Start a container or use ssh to connect directly to the IC cluster and create the file .ssh/authorized_keys in your folder on scratch (/dlabscratch1/{GASPAR_USERNAME}). Paste your public ssh key (see here for a tutorial on creating ssh keys).
On your local computer append the following lines to your ~/.ssh/config file:
```
    Host runai
        HostName localhost
        User {GASPAR_USERNAME}
        ForwardAgent yes
        IdentityFile {PATH_TO_YOUR_PUBLIC_KEY}
        StrictHostKeyChecking no
        UserKnownHostsFile=/dev/null
        Port 2222
```
Should it not exist, create the file. This will allow you to easily connect VS Code or via SSH to your runai containers without any annoying warnings. Be sure to replace the placeholders {...} with the appropriate values. After portforwarding from your container (install the RUNAI ALIASES and run rpf container-name), you can connect to it with ssh runai or use the SSH extension of VS Code to directly develop in the container. You can also use this to run jupyter notebooks on the container via VS Code.
Check out RUNAI ALIASES
If you want to customize the images, look at Customization

RUNAI Aliases

I added a few aliases that makes life a bit easier. Source them in your .bashrc (or whatever shell your using) by adding the line source {pathtothisrepo}/.runai_aliases to it.

Available Aliases:

rl: Short for runai list
rb: Short for runai bash

Usage: rb container-name
rdj: Short for runai delete job

Usage: rdj container-name
rpf: Portforward to your container. Especially useful for VS Code usage.

Usage: rpf container-name
rs: Short for runai submit -i {image} --pvc runai-dlab-{GASPAR_NAME}-scratch:/mnt. Make sure you adapt this to your needs by replacing the image and the ´{GASPAR_USERNAME}´ in the .runai_aliases file.

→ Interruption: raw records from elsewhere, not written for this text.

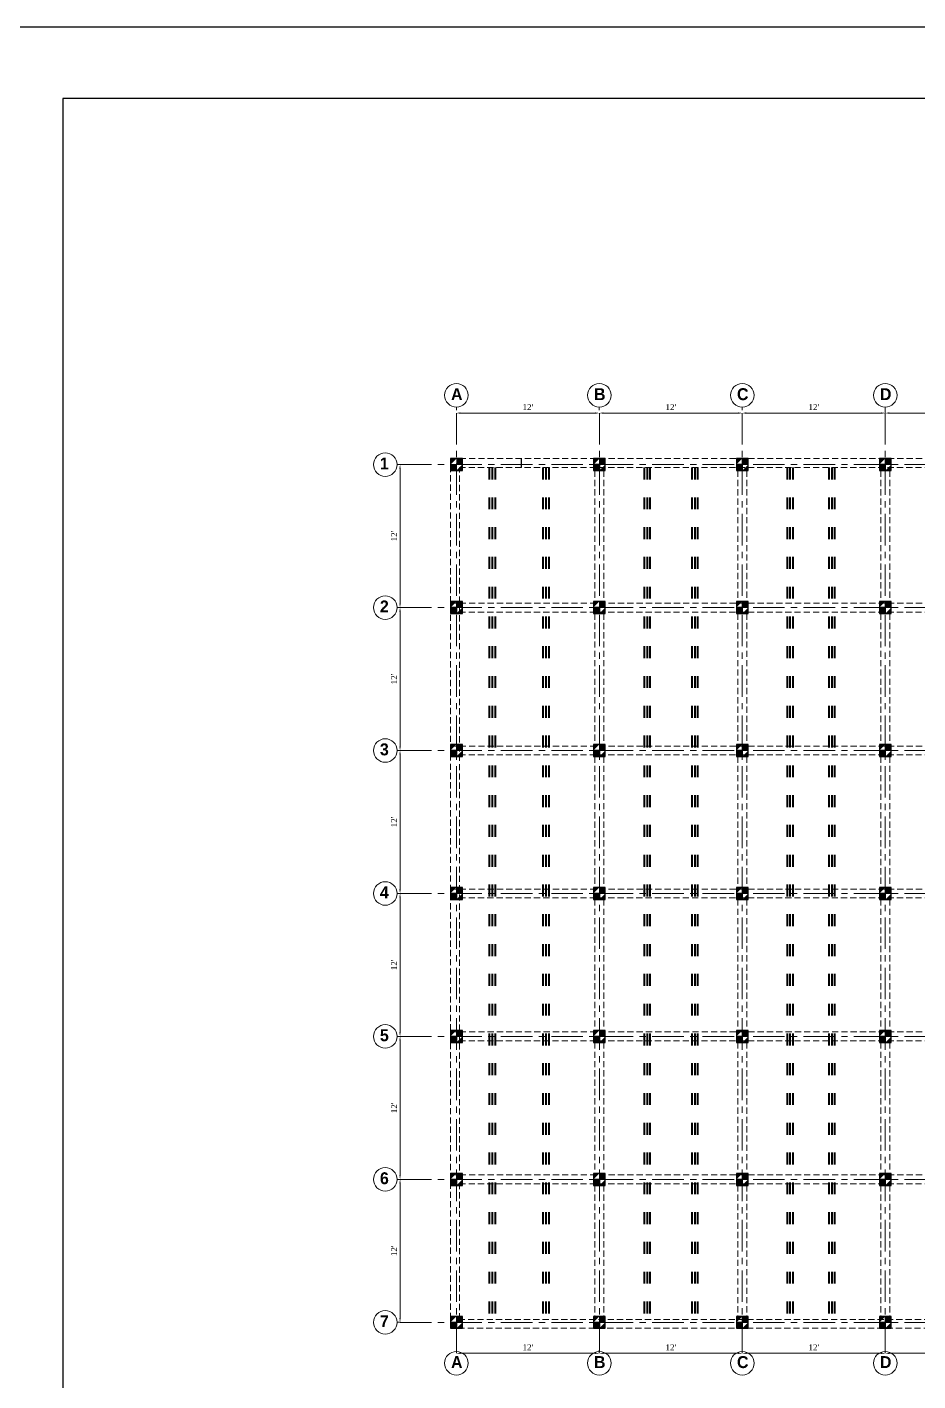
# Model space of a CAD drawing. Extents: x -2338379 to 930990, y -818978 to 106940.
# Drawn here: x 400474 to 401372, y -204330 to -202966 of the extents above; entities that cross this region are included whole.
import ezdxf

# ---------------------------------------------------------------- set-up
doc = ezdxf.new("R2010")
doc.units = 0
doc.header["$MEASUREMENT"] = 0
doc.header["$PDMODE"] = 34
for name, pattern in [('ACAD_ISO03W100', [30, 12, -18]), ('CENTER', [50.8, 31.75, -6.35, 6.35, -6.35]), ('DASHED2', [0.375, 0.25, -0.125])]:
    doc.linetypes.add(name, pattern=pattern)
doc.layers.get('0').update_dxf_attribs({"linetype": 'CONTINUOUS', "lineweight": 30})
doc.layers.get('DEFPOINTS').update_dxf_attribs({"linetype": 'CONTINUOUS'})
for name, color, linetype, lineweight in [('Center', 11, 'CENTER', 15), ('DIM', 6, 'CONTINUOUS', 20), ('DOOR&WIN', 3, 'CONTINUOUS', 18), ('Outline', 4, 'CONTINUOUS', 9), ('TEXT', 7, 'CONTINUOUS', 30)]:
    doc.layers.add(name, color=color, linetype=linetype, lineweight=lineweight)
doc.layers.add('dotline', color=113, linetype='ACAD_ISO03W100')
doc.layers.add('pillar12', color=7, linetype='CONTINUOUS')
doc.styles.get("Standard").update_dxf_attribs({"font": 'times.ttf', "height": 6})
doc.dimstyles.new('Standard$0', dxfattribs={"dimtxt": 6, "dimasz": 4, "dimexe": 3, "dimexo": 6, "dimgap": 3, "dimtad": 1, "dimdec": 1, "dimzin": 0, "dimdsep": 46, "dimlunit": 4, "dimtxsty": 'Standard', "dimcen": 0.09, "dimclrd": 6, "dimclre": 6, "dimclrt": 7, "dimadec": 0, "dimazin": 0, "dimtfac": 1, "dimtdec": 1, "dimtix": 1, "dimtofl": 0, "dimtmove": 1, "dimatfit": 3, "dimfxl": 1, "dimtolj": 1, "dimtzin": 0, "dimlwd": 18, "dimlwe": 18, "dimarcsym": 0})

# ---------------------------------------------------------------- blocks, each defined once
blk = doc.blocks.new('pill12')
h = blk.add_hatch(color=5)
h.paths.add_polyline_path([(-6, -6), (6, -6), (6, 6), (-6, 6)], flags=17)
edge = h.paths.add_edge_path(flags=17)
edge.add_line((6, 0), (-6, 0))
edge.add_line((0, 6), (0, -6))
for p, q in [((6, 0), (-6, 0)), ((0, 6), (0, -6))]:
    blk.add_line(p, q)
blk.add_lwpolyline([(-6, -6), (6, -6), (6, 6), (-6, 6)], close=True)
blk = doc.blocks.new('*D1281')
at = {"layer": 'DEFPOINTS', "color": 0, "lineweight": 30, "transparency": 16777216}
for p in [(400906.8, -203354.8), (401050.8, -203354.8), (401050.8, -203354.8)]:
    blk.add_point(p, dxfattribs=at)
at = {"layer": 'DIM', "color": 6, "lineweight": 18, "transparency": 16777216}
for p, q in [((400906.8, -203348.8), (400906.8, -203351.8)), ((401050.8, -203348.8), (401050.8, -203351.8)), ((400910.8, -203354.8), (401046.8, -203354.8))]:
    blk.add_line(p, q, dxfattribs=at)
at = {"layer": 'DIM', "color": 6, "lineweight": 30, "transparency": 16777216}
for points in [[(400910.8, -203354.1), (400910.8, -203355.5), (400906.8, -203354.8)], [(401046.8, -203354.1), (401046.8, -203355.5), (401050.8, -203354.8)]]:
    blk.add_solid(points, dxfattribs=at)
at = {"layer": 'DIM', "color": 7, "transparency": 16777216, "insert": (400978.8, -203348.8), "char_height": 6, "attachment_point": 5}
blk.add_mtext("\\A1;12'", dxfattribs=at)
blk = doc.blocks.new('*D1282')
at = {"layer": 'DEFPOINTS', "color": 0, "lineweight": 30, "transparency": 16777216}
for p in [(401050.8, -203354.8), (401194.8, -203354.8), (401194.8, -203354.8)]:
    blk.add_point(p, dxfattribs=at)
at = {"layer": 'DIM', "color": 6, "lineweight": 18, "transparency": 16777216}
for p, q in [((401050.8, -203348.8), (401050.8, -203351.8)), ((401194.8, -203348.8), (401194.8, -203351.8)), ((401054.8, -203354.8), (401190.8, -203354.8))]:
    blk.add_line(p, q, dxfattribs=at)
at = {"layer": 'DIM', "color": 6, "lineweight": 30, "transparency": 16777216}
for points in [[(401054.8, -203354.1), (401054.8, -203355.5), (401050.8, -203354.8)], [(401190.8, -203354.1), (401190.8, -203355.5), (401194.8, -203354.8)]]:
    blk.add_solid(points, dxfattribs=at)
at = {"layer": 'DIM', "color": 7, "transparency": 16777216, "insert": (401122.8, -203348.8), "char_height": 6, "attachment_point": 5}
blk.add_mtext("\\A1;12'", dxfattribs=at)
blk = doc.blocks.new('*D1283')
at = {"layer": 'DEFPOINTS', "color": 0, "lineweight": 30, "transparency": 16777216}
for p in [(401194.8, -203354.8), (401338.8, -203354.8), (401338.8, -203354.8)]:
    blk.add_point(p, dxfattribs=at)
at = {"layer": 'DIM', "color": 6, "lineweight": 18, "transparency": 16777216}
for p, q in [((401194.8, -203348.8), (401194.8, -203351.8)), ((401338.8, -203348.8), (401338.8, -203351.8)), ((401198.8, -203354.8), (401334.8, -203354.8))]:
    blk.add_line(p, q, dxfattribs=at)
at = {"layer": 'DIM', "color": 6, "lineweight": 30, "transparency": 16777216}
for points in [[(401198.8, -203354.1), (401198.8, -203355.5), (401194.8, -203354.8)], [(401334.8, -203354.1), (401334.8, -203355.5), (401338.8, -203354.8)]]:
    blk.add_solid(points, dxfattribs=at)
at = {"layer": 'DIM', "color": 7, "transparency": 16777216, "insert": (401266.8, -203348.8), "char_height": 6, "attachment_point": 5}
blk.add_mtext("\\A1;12'", dxfattribs=at)
blk = doc.blocks.new('*D1284')
at = {"color": 6, "lineweight": 18, "transparency": 16777216}
for p, q in [((401338.8, -203354.8), (401338.8, -203351.8)), ((401342.8, -203354.8), (401478.8, -203354.8)), ((401482.8, -203354.8), (401482.8, -203351.8))]:
    blk.add_line(p, q, dxfattribs=at)
at = {"color": 6, "lineweight": 30, "transparency": 16777216}
for points in [[(401342.8, -203354.1), (401342.8, -203355.5), (401338.8, -203354.8)], [(401478.8, -203354.1), (401478.8, -203355.5), (401482.8, -203354.8)]]:
    blk.add_solid(points, dxfattribs=at)
at = {"layer": 'DEFPOINTS', "color": 0, "lineweight": 30, "transparency": 16777216}
for p in [(401338.8, -203354.8), (401482.8, -203354.8), (401482.8, -203354.8)]:
    blk.add_point(p, dxfattribs=at)
at = {"color": 7, "lineweight": 30, "transparency": 16777216, "insert": (401410.8, -203348.8), "char_height": 6, "attachment_point": 5}
blk.add_mtext("\\A1;12'", dxfattribs=at)
blk = doc.blocks.new('*D1290')
at = {"color": 6, "lineweight": 18, "transparency": 16777216}
for p, q in [((400850.1, -203406.7), (400847.1, -203406.7)), ((400850.1, -203410.7), (400850.1, -203546.7)), ((400850.1, -203550.7), (400847.1, -203550.7))]:
    blk.add_line(p, q, dxfattribs=at)
at = {"color": 6, "lineweight": 30, "transparency": 16777216}
for points in [[(400849.4, -203410.7), (400850.7, -203410.7), (400850.1, -203406.7)], [(400849.4, -203546.7), (400850.7, -203546.7), (400850.1, -203550.7)]]:
    blk.add_solid(points, dxfattribs=at)
at = {"layer": 'DEFPOINTS', "color": 0, "lineweight": 30, "transparency": 16777216}
for p in [(400850.1, -203406.7), (400850.1, -203550.7), (400850.1, -203550.7)]:
    blk.add_point(p, dxfattribs=at)
at = {"color": 7, "lineweight": 30, "transparency": 16777216, "insert": (400844.1, -203478.7), "char_height": 6, "attachment_point": 5, "rotation": 90}
blk.add_mtext("\\A1;12'", dxfattribs=at)
blk = doc.blocks.new('*D1291')
at = {"color": 6, "lineweight": 18, "transparency": 16777216}
for p, q in [((400850.1, -203550.7), (400847.1, -203550.7)), ((400850.1, -203554.7), (400850.1, -203690.7)), ((400850.1, -203694.7), (400847.1, -203694.7))]:
    blk.add_line(p, q, dxfattribs=at)
at = {"color": 6, "lineweight": 30, "transparency": 16777216}
for points in [[(400849.4, -203554.7), (400850.7, -203554.7), (400850.1, -203550.7)], [(400849.4, -203690.7), (400850.7, -203690.7), (400850.1, -203694.7)]]:
    blk.add_solid(points, dxfattribs=at)
at = {"layer": 'DEFPOINTS', "color": 0, "lineweight": 30, "transparency": 16777216}
for p in [(400850.1, -203550.7), (400850.1, -203694.7), (400850.1, -203694.7)]:
    blk.add_point(p, dxfattribs=at)
at = {"color": 7, "lineweight": 30, "transparency": 16777216, "insert": (400844.1, -203622.7), "char_height": 6, "attachment_point": 5, "rotation": 90}
blk.add_mtext("\\A1;12'", dxfattribs=at)
blk = doc.blocks.new('*D1292')
at = {"color": 6, "lineweight": 18, "transparency": 16777216}
for p, q in [((400850.1, -203694.7), (400847.1, -203694.7)), ((400850.1, -203698.7), (400850.1, -203834.7)), ((400850.1, -203838.7), (400847.1, -203838.7))]:
    blk.add_line(p, q, dxfattribs=at)
at = {"color": 6, "lineweight": 30, "transparency": 16777216}
for points in [[(400849.4, -203698.7), (400850.7, -203698.7), (400850.1, -203694.7)], [(400849.4, -203834.7), (400850.7, -203834.7), (400850.1, -203838.7)]]:
    blk.add_solid(points, dxfattribs=at)
at = {"layer": 'DEFPOINTS', "color": 0, "lineweight": 30, "transparency": 16777216}
for p in [(400850.1, -203694.7), (400850.1, -203838.7), (400850.1, -203838.7)]:
    blk.add_point(p, dxfattribs=at)
at = {"color": 7, "lineweight": 30, "transparency": 16777216, "insert": (400844.1, -203766.7), "char_height": 6, "attachment_point": 5, "rotation": 90}
blk.add_mtext("\\A1;12'", dxfattribs=at)
blk = doc.blocks.new('*D1293')
at = {"color": 6, "lineweight": 18, "transparency": 16777216}
for p, q in [((400850.1, -203838.7), (400847.1, -203838.7)), ((400850.1, -203842.7), (400850.1, -203978.7)), ((400850.1, -203982.7), (400847.1, -203982.7))]:
    blk.add_line(p, q, dxfattribs=at)
at = {"color": 6, "lineweight": 30, "transparency": 16777216}
for points in [[(400849.4, -203842.7), (400850.7, -203842.7), (400850.1, -203838.7)], [(400849.4, -203978.7), (400850.7, -203978.7), (400850.1, -203982.7)]]:
    blk.add_solid(points, dxfattribs=at)
at = {"layer": 'DEFPOINTS', "color": 0, "lineweight": 30, "transparency": 16777216}
for p in [(400850.1, -203838.7), (400850.1, -203982.7), (400850.1, -203982.7)]:
    blk.add_point(p, dxfattribs=at)
at = {"color": 7, "lineweight": 30, "transparency": 16777216, "insert": (400844.1, -203910.7), "char_height": 6, "attachment_point": 5, "rotation": 90}
blk.add_mtext("\\A1;12'", dxfattribs=at)
blk = doc.blocks.new('*D1294')
at = {"color": 6, "lineweight": 18, "transparency": 16777216}
for p, q in [((400850.1, -203982.7), (400847.1, -203982.7)), ((400850.1, -203986.7), (400850.1, -204122.7)), ((400850.1, -204126.7), (400847.1, -204126.7))]:
    blk.add_line(p, q, dxfattribs=at)
at = {"color": 6, "lineweight": 30, "transparency": 16777216}
for points in [[(400849.4, -203986.7), (400850.7, -203986.7), (400850.1, -203982.7)], [(400849.4, -204122.7), (400850.7, -204122.7), (400850.1, -204126.7)]]:
    blk.add_solid(points, dxfattribs=at)
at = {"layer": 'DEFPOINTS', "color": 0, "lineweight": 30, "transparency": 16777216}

Usage: rs --interactive -g 1.0 eval -- sleep 3600
ric: Switches the context to the IC cluster. Short for runai config cluster ic-caas
rrcp: Switches the context to the RCP cluster. Short for runai config cluster ic-caas

Customization

You can easily customize these images to your desire. No need to manually build docker images because GitHub will do that for you.